# Thank you sir, can I have some more HYDRAULICS



## tyrotownship (Feb 23, 2015)

So I purchased a Case IH 2255 loader ($600 auction win) for my IH 784 (UK version) and decided to plumb it in to the tractor cleanly. First off, this tractor only came with 1 single acting valve, which is really surprising for a 67hp tractor. I guess hydraulic implements aren't that popular over in UK? So in order to use the loader, I'd had to do a little work with the hydraulics. However, instead of using my only hydraulic valve available, I decided to do it cleanly with the magical power beyond method. Here's what I wanted to do:

1) Install a power beyond end plate and adapter fitting on the end of the existing S/A valve.
2) Install a 2-spool valve (called valve 1) downstream of the adapter fitting to add 2 pairs of auxiliary hydraulic outlets to the rear of the tractor.
3) Install the loader joystick hydraulic valve (called valve 2) downstream of the previous valve.
4) Return the tank lines from both valves to the tractor.

So if you're doing this with a modern day Kubota and even a John Deere, go out and buy the power beyond plate and you're golden. When you're trying to do with with a 35 year old IH built in UK (but I'm in US), things get challenging. 

So step 1 was to locate a power beyond end plate for my Kontak valve. Here is the original end plate with no power beyond part. SEE PICTURE 1.

Luckily Case-IH parts diagrams show the optional power beyond plate. So start web surfing. The only place on the continent that apparently had one of these was a salvage yard in Canada. So I order it, shows up 5 days later, and think things are downhill from here. 

Well I scratch my head while looking at this new end plate and something's missing. This has got to be a power beyond plug (pressure carry over adapter as Kontak calls it) for the end plate. Something has got to block the high pressure fluid front going back down the tank return internal cavities of the end plate. I look on Case-IH parts and nothing. It lists an adapter but it's unclear whether that adapter is the pressure carry over adapter or the 3/4 BSP fitting to fit to the end plate. Googling the "adapter" part number returns nothing. So I post a plea for help on 3 different forums including this one. No one knows what I'm talking about or has a lead. So I start to poke around for Kontak valve parts-these are really tough to find by the way which surprises me. My tractor and Case-IH loader both have Kontak valves. Searching for "pressure carry over adapter" leads me to a place in UK. I ping them and the guy I talked to was really helpful and pointed me towards this (I highly recommend P&R Hydraulics Limited in UK). 
SEE PICTURE 2

For about $30 I order this adapter and it shows up like 3 weekdays later (someone tell me how Royal air delivered items show up in about 1/2 the time that USPS takes for shipping something in this country). This adapter mates to the 3/4BSP in the end plate and reduced down to 1/2BSP. So now I can get to work. 

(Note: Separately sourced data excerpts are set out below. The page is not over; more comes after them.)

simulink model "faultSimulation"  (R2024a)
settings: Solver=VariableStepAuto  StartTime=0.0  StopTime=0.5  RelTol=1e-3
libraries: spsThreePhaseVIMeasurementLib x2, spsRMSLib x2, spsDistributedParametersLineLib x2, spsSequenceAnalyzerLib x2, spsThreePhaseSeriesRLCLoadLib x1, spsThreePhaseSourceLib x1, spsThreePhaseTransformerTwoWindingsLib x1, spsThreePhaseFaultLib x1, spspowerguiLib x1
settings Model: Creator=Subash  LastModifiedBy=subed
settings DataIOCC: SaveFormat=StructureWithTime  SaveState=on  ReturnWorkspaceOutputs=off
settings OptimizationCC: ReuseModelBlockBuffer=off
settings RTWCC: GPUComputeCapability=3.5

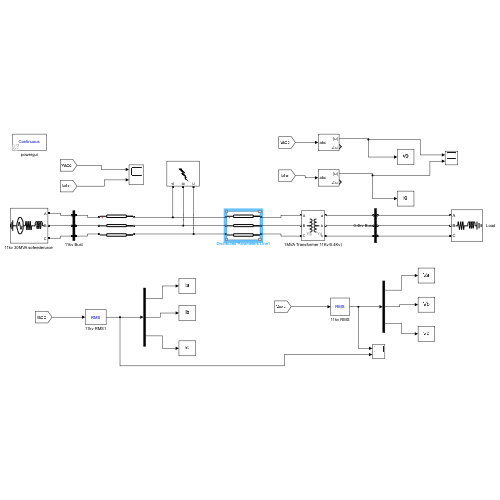
[thumbnail: Simulink's stored preview of the top-level diagram]
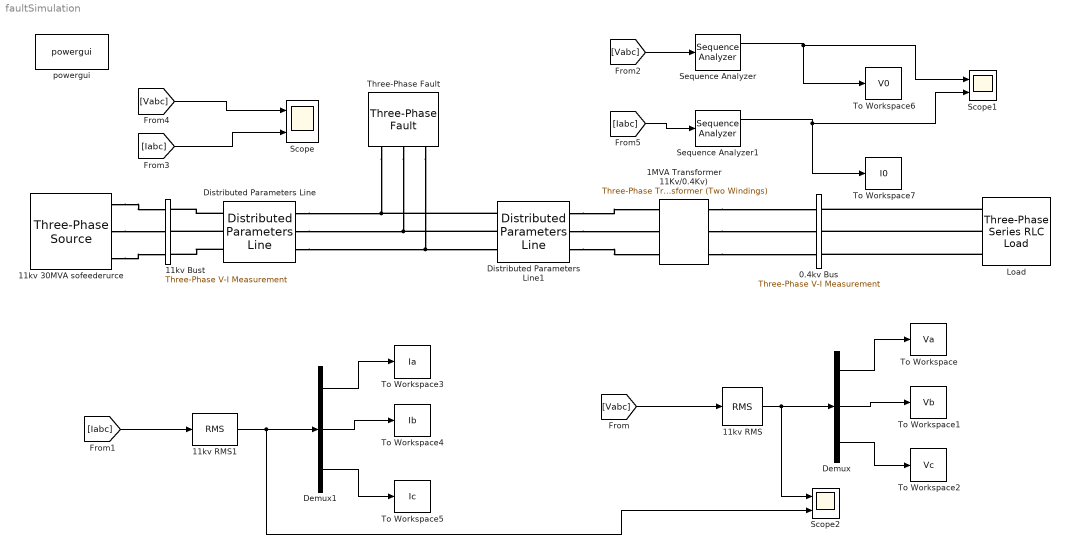
== system faultSimulation ==
  " Load" : spsThreePhaseSeriesRLCLoadLib/Three-Phase Series RLC Load  LConnTagsString=A|B|C  Configuration=Y (grounded)  NominalVoltage=11000  Vabc=[1e3 1e3 1e3]  Vabcp=[1e3 1e3 1e3]  NominalFrequency=50  UnbalancedPower=off  ActivePower=11e3  InductivePower=1  CapacitivePower=0  Pabc=[10e3 9e3 11e3]  QLabc=[100 90 110]  QCabc=0  Pabcp=[10e3 9e3 11e3]  QLabcp=[100 90 110]  QCabcp=[100 90 110]  Measurements=None  LoadType=constant Z
  0.4kv Bus : spsThreePhaseVIMeasurementLib/Three-Phase V-I Measurement  VoltageMeasurement=no  SetLabelV=off  LabelV=Vabc  Vpu=off  VpuLL=off  CurrentMeasurement=no  SetLabelI=off  LabelI=Iabc  Ipu=off  Pbase=100e6  Vbase=500e3  OutputType=Complex  PhasorSimulation=off  PSBequivalent=0
  "11kv 30MVA sofeederurce " : spsThreePhaseSourceLib/Three-Phase Source  InternalConnection=Yg  VoltagePhases=off  Voltage=11e3  PhaseAngle=0  Voltage_phases=[25e3 25e3 25e3]/sqrt(3)  PhaseAngles_phases=[0 -120 +120]  Frequency=50  NonIdealSource=on  SpecifyImpedance=off  Resistance=0.8929  Inductance=16.58e-3  ShortCircuitLevel=100e6  BaseVoltage=25e3  XRratio=7  BusType=PV  Pref=30e6  Qref=0  Prefabc=[10e3, 10e3, 10e3]  Qrefabc=[0, 0, 0]  Qmin=-inf  Qmax=inf
  11kv Bust : spsThreePhaseVIMeasurementLib/Three-Phase V-I Measurement  VoltageMeasurement=phase-to-ground  SetLabelV=on  LabelV=Vabc  Vpu=off  VpuLL=off  CurrentMeasurement=yes  SetLabelI=on  LabelI=Iabc  Ipu=off  Pbase=100e6  Vbase=500e3  OutputType=Complex  PhasorSimulation=off  PSBequivalent=0
  11kv RMS : spsRMSLib/RMS  TrueRMS=on  Freq=50  RMSInit=11e3  Ts=0
  11kv RMS1 : spsRMSLib/RMS  TrueRMS=on  Freq=50  RMSInit=11e3  Ts=0
  1MVA Transformer 11Kv/0.4Kv) : spsThreePhaseTransformerTwoWindingsLib/Three-Phase Transformer (Two Windings)  Winding1Connection=Yg  Winding2Connection=Yg  CoreType=Three single-phase transformers  SetSaturation=off  Hysteresis=off  DataFile='hysteresis'  SetInitialFlux=off  Measurements=None  UNITS=pu  NominalPower=[ 250e6 , 50 ]  Winding1=[ 11e3 , 0.002 , 0.08 ]  Winding2=[ 0.4e3 , 0.002 , 0.08 ]  Rm=500  Lm=500  L0=0.5  Saturation=[ 0,0 ; 0.0024,1.2 ; 1.0,1.52 ]  InitialFluxes=[0.8 -0.8 0.69999]  BreakLoop=off  DiscreteSolver=Trapezoidal iterative  DataType=off  TransfoNumber=1
  Demux : Demux  Outputs=3
  Demux1 : Demux  Outputs=3
  Distributed Parameters Line : spsDistributedParametersLineLib/Distributed Parameters Line  Phases=3  Length=10  Frequency=50  Resistance=[0.01273 0.3864]  Inductance="[0.9337e-3  4.1264e-3]"  Capacitance=[12.74e-9 7.751e-9]  x1=[4.29007792811563e-12 11003.1893836905 11003.1893836905;314.159265358979 314.159265358979 314.159265358979;2.11162862981672 0.512613974625824 -1.05818235216907]  x2=[2.73605273041382e-11 11004.416576192 11004.416576192;314.159265358979 314.159265358979 314.159265358979;2.85465814848236 0.512554423166818 -1.05824190362808]  x3=[2.29013626664532e-12 40.4303240016951 40.430324001691;314.159265358979 314.159265358979 314.159265358979;1.52130621419638 0.496602964655876 -1.07419336213898]  x4=[1.63728049127687e-12 40.8398210682543 40.8398210682578;314.159265358979 314.159265358979 314.159265358979;-1.19077244951278 0.517623004877797 -1.05317332191716]  x5=5.65541566995743e-05  V1=[4.29e-12 1.1e+04 1.1e+04;314.2 314.2 314.2;2.112 0.5126 -1.058]  V2=[2.736e-11 1.1e+04 1.1e+04;314.2 314.2 314.2;2.855 0.5126 -1.058]  I1=[2.29e-12 40.43 40.43;314.2 314.2 314.2;1.521 0.4966 -1.074]  I2=[1.637e-12 40.84 40.84;314.2 314.2 314.2;-1.191 0.5176 -1.053]  nHarmo=1  Measurements=None  Decoupling=off  VsMag0=0  VrMag0=0  VsAngle0=0  VrAngle0=0  IsMag0=0  IrMag0=0  IsAngle0=0  IrAngle0=0
      settings: LibrarySourceBlock=sps_lib/Power Grid Elements/Distributed Parameters Line
  Distributed Parameters Line1 : spsDistributedParametersLineLib/Distributed Parameters Line  Phases=3  Length=15  Frequency=50  Resistance=[0.01273 0.3864]  Inductance="[0.9337e-3  4.1264e-3]"  Capacitance=[12.74e-9 7.751e-9]  x1=[2.73605273041382e-11 11004.416576192 11004.416576192;314.159265358979 314.159265358979 314.159265358979;2.86354165464323 0.517972039807862 -1.05282428698704]  x2=[2.80656861363413e-11 11004.5464151717 11004.5464151717;314.159265358979 314.159265358979 314.159265358979;2.66181528844822 0.51794564452879 -1.05285068226611]  x3=[1.0173475413593e-12 40.4483736960803 40.4483736960805;314.159265358979 314.159265358979 314.159265358979;-2.35891284635151 0.512853803783494 -1.05794252301145]  x4=[1.45823347498536e-12 40.8359622190735 40.8359622190726;314.159265358979 314.159265358979 314.159265358979;3.13298239483697 0.517623203319764 -1.05317312347505]  x5=2.82770783497871e-05  V1=[2.736e-11 1.1e+04 1.1e+04;314.2 314.2 314.2;2.864 0.518 -1.053]  V2=[2.807e-11 1.1e+04 1.1e+04;314.2 314.2 314.2;2.662 0.5179 -1.053]  I1=[1.017e-12 40.45 40.45;314.2 314.2 314.2;-2.359 0.5129 -1.058]  I2=[1.458e-12 40.84 40.84;314.2 314.2 314.2;3.133 0.5176 -1.053]  nHarmo=1  Measurements=None  Decoupling=off  VsMag0=0  VrMag0=0  VsAngle0=0  VrAngle0=0  IsMag0=0  IrMag0=0  IsAngle0=0  IrAngle0=0
      settings: LibrarySourceBlock=sps_lib/Power Grid Elements/Distributed Parameters Line
  Scope : Scope  NumInputPorts=2
  Scope1 : Scope  NumInputPorts=2
  Scope2 : Scope  NumInputPorts=2
  Sequence Analyzer : spsSequenceAnalyzerLib/Sequence Analyzer  Freq=50  n=1  seq=Zero  InInit=[1, 0]  Ts=0
      settings: LibrarySourceBlock=sps_lib/Sensors and Measurements/Sequence Analyzer
  Sequence Analyzer1 : spsSequenceAnalyzerLib/Sequence Analyzer  Freq=50  n=1  seq=Zero  InInit=[1, 0]  Ts=0
      settings: LibrarySourceBlock=sps_lib/Sensors and Measurements/Sequence Analyzer
  Three-Phase Fault : spsThreePhaseFaultLib/Three-Phase Fault  InitialStates=0  FaultA=on  FaultB=off  FaultC=off  GroundFault=on  SwitchTimes=[0.2 0.3]  External=off  SwitchStatus=NaN  FaultResistance=0.001  GroundResistance=0.01  SnubberResistance=1e6  SnubberCapacitance=inf  Measurements=Fault voltages and currents
  To Workspace : ToWorkspace  VariableName=Va  SampleTime=-1
      settings: MaxDataPoints=15
  To Workspace1 : ToWorkspace  VariableName=Vb  SampleTime=-1
      settings: MaxDataPoints=15
  To Workspace2 : ToWorkspace  VariableName=Vc  SampleTime=-1
      settings: MaxDataPoints=15
  To Workspace3 : ToWorkspace  VariableName=Ia  SampleTime=-1
      settings: MaxDataPoints=15
  To Workspace4 : ToWorkspace  VariableName=Ib  SampleTime=-1
      settings: MaxDataPoints=15
  To Workspace5 : ToWorkspace  VariableName=Ic  SampleTime=-1
      settings: MaxDataPoints=15
  To Workspace6 : ToWorkspace  VariableName=V0  SampleTime=-1
      settings: MaxDataPoints=15
  To Workspace7 : ToWorkspace  VariableName=I0  SampleTime=-1
      settings: MaxDataPoints=15
  powergui : spspowerguiLib/powergui  Priority=1  SimulationMode=Continuous  SampleTime=50e-6  frequency=60  Iterations=50  frequencyindice=50  Pbase=100e6  ErrMax=1e-4  UnitsV=kV  UnitsW=MW  buscounter=0  FunctionMessages=off  echomessages=off  EnableUseOfTLC=off  CurrentSourceSwitches=off  DisableSnubberDevices=off  DisableRonSwitches=off  DisableVfSwitches=off  DisplayEquations=off  AutomaticDiscreteSolvers=off  SolverType=Tustin/Backward Euler (TBE)  Interpol=off  ExternalGateDelay=off  methode=off  Ts=100  x0status=blocks  SPID=on  SwTol=0  HookPort=off  NonlinearTolerance=1e-4  nMaxIteration=100  ContinueOnMaxIteration=off  RestoreLinks=warning  ResistiveCurrentMeasurement=off  Frange=[0:2:500]  Ylog=off  Xlog=on  ShowGrid=off  save=off  variable=ZData  structure=0  ZoomFFT=off  StartTime=0.0  cycles=1  DisplayStyle=1  fundamental=60  FreqAxis=off  MaxFrequency=1000  frequencyindicesteady=1  RmsSteady=1  display=off
  wires:
  Sequence Analyzer1/1 -> Scope1/2, To Workspace7/1
  [Iabc] -> Scope/2
  [Vabc] -> Scope/1
  Demux/2 -> To Workspace1/1
  Demux1/3 -> To Workspace5/1
  Demux/3 -> To Workspace2/1
  11kv RMS1/1 -> Scope2/2, Demux1/1
  11kv RMS/1 -> Scope2/1, Demux/1
  Demux/1 -> To Workspace/1
  Demux1/1 -> To Workspace3/1
  Demux1/2 -> To Workspace4/1
  Sequence Analyzer/1 -> Scope1/1, To Workspace6/1
  [Vabc] -> Sequence Analyzer/1
  [Iabc] -> 11kv RMS1/1
  [Vabc] -> 11kv RMS/1
  [Iabc] -> Sequence Analyzer1/1
  connections:
  Three-Phase Fault/LConn3 -- Distributed Parameters Line1/LConn3 -- Distributed Parameters Line/RConn3
  Distributed Parameters Line/RConn1 -- Distributed Parameters Line1/LConn1 -- Three-Phase Fault/LConn1
  Three-Phase Fault/LConn2 -- Distributed Parameters Line1/LConn2 -- Distributed Parameters Line/RConn2
  " Load"/LConn2 -- 0.4kv Bus/RConn2
  Distributed Parameters Line/LConn3 -- 11kv Bust/RConn3
  " Load"/LConn1 -- 0.4kv Bus/RConn1
  "11kv 30MVA sofeederurce "/RConn1 -- 11kv Bust/LConn1
  Distributed Parameters Line1/RConn1 -- 1MVA Transformer 11Kv/0.4Kv)/LConn1
  Distributed Parameters Line/LConn1 -- 11kv Bust/RConn1
  Distributed Parameters Line/LConn2 -- 11kv Bust/RConn2
  "11kv 30MVA sofeederurce "/RConn2 -- 11kv Bust/LConn2
  Distributed Parameters Line1/RConn2 -- 1MVA Transformer 11Kv/0.4Kv)/LConn2
  1MVA Transformer 11Kv/0.4Kv)/RConn3 -- 0.4kv Bus/LConn3
  " Load"/LConn3 -- 0.4kv Bus/RConn3
  1MVA Transformer 11Kv/0.4Kv)/RConn2 -- 0.4kv Bus/LConn2
  Distributed Parameters Line1/RConn3 -- 1MVA Transformer 11Kv/0.4Kv)/LConn3
  "11kv 30MVA sofeederurce "/RConn3 -- 11kv Bust/LConn3
  1MVA Transformer 11Kv/0.4Kv)/RConn1 -- 0.4kv Bus/LConn1
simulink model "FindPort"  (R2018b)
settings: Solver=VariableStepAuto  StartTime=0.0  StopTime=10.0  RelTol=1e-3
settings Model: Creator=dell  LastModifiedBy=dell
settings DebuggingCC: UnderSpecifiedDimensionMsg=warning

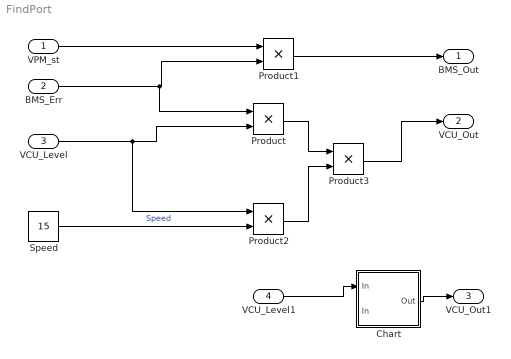
== system FindPort ==
  VPM_st : Inport
  BMS_Err : Inport  Port=2
  VCU_Level : Inport  Port=3
  VCU_Level1 : Inport  Port=4
  Chart : Stateflow chart  TreatAsAtomicUnit=on  SystemSampleTime=0.01
  Product{,1..3} (4 alike) : Product
  Speed : Constant  Value=15
  BMS_Out : Outport
  VCU_Out : Outport  Port=2
  VCU_Out1 : Outport  Port=3
  wires:
  VPM_st/1 -> Product1/1
  BMS_Err/1 -> Product/1, Product1/2
  VCU_Level/1 -> Product2/1, Product/2
  Product1/1 -> BMS_Out/1
  Speed/1 -> Product2/2  "Speed"
  Product/1 -> Product3/1
  Product2/1 -> Product3/2
  Product3/1 -> VCU_Out/1
  VCU_Level1/1 -> Chart/1(In)
  Chart/1(Out) -> VCU_Out1/1

== stateflow chart FindPort/Chart ==
  state START
    en:Out = ln;
  (default) -> START
  data: In input; Out output; ln input

So with a BSP to Swagelok elbow, I make the connection to the power beyond end plate (note that IH call this new end plate High Pressure Carry Over). 
SEE PICTURE 3

This is the high pressure that gets routed to the IN port of hydraulic valve 1 (the valve that controls the auxiliary outlets). Next the tank line for hydraulic valve 1 gets routed to a Tee that will allow the tank from hydraulic valve 2 (the loader valve) to be combined with. I tried to keep all the lines tucked under the fender and I used tubing instead of flexible hoses in most places. 
SEE PICTURE 4

The power beyond from valve 1 gets routed to valve 2 (the loader valve). Here's a picture of valve 1 showing all the hard lines. 
SEE PICTURES 5 AND 6

You can also see valve 2 from the loader. For valve 1, the 4 smaller lines that are bent down and to the right are for the auxiliary hydraulics. 

Because there will be times I will want to remove the loader, I decided to use quick disconnects for the power beyond and tank attachments to valve 2. I mounted these quick disconnects near the front of the tractor. 
SEE PICTURE 7

So when the loader is off the tractor, I need to use a small jumper to connect this front power beyond quick disconnect to the front tank return quick disconnect (because this tractor has an open center hydraulic system. 

Now for the tank return, I read around and most suggestion were to remove the transmission/hydraulic reservoir plug near the RS axle and drill/tap the plug to NPT or BSP. This plug is a common O-ring boss size (-16) so it was much easier (and probably cheaper) just to find the right fitting (in my case I went from -16 O-ring boss to 3/4 NPT. Then I ran a flexible hose from the Tee (I mentioned earlier) to this transmission/hydraulic reservoir port as shown here:
SEE PICTURE 8

After days and nights of tube bending and flaring, I was able to throw the loader on. Here is the loader attached (I need to repaint it still):


I hope someone who tries to do something similar finds this post useful.


----------



## farmertim (Dec 1, 2010)

Great work there, tyrotownship. A lot of planning and forethought. Well done on the tutorial.


----------



## Hoodoo Valley (Nov 14, 2006)

Very nicely done and welcome to the forum!


----------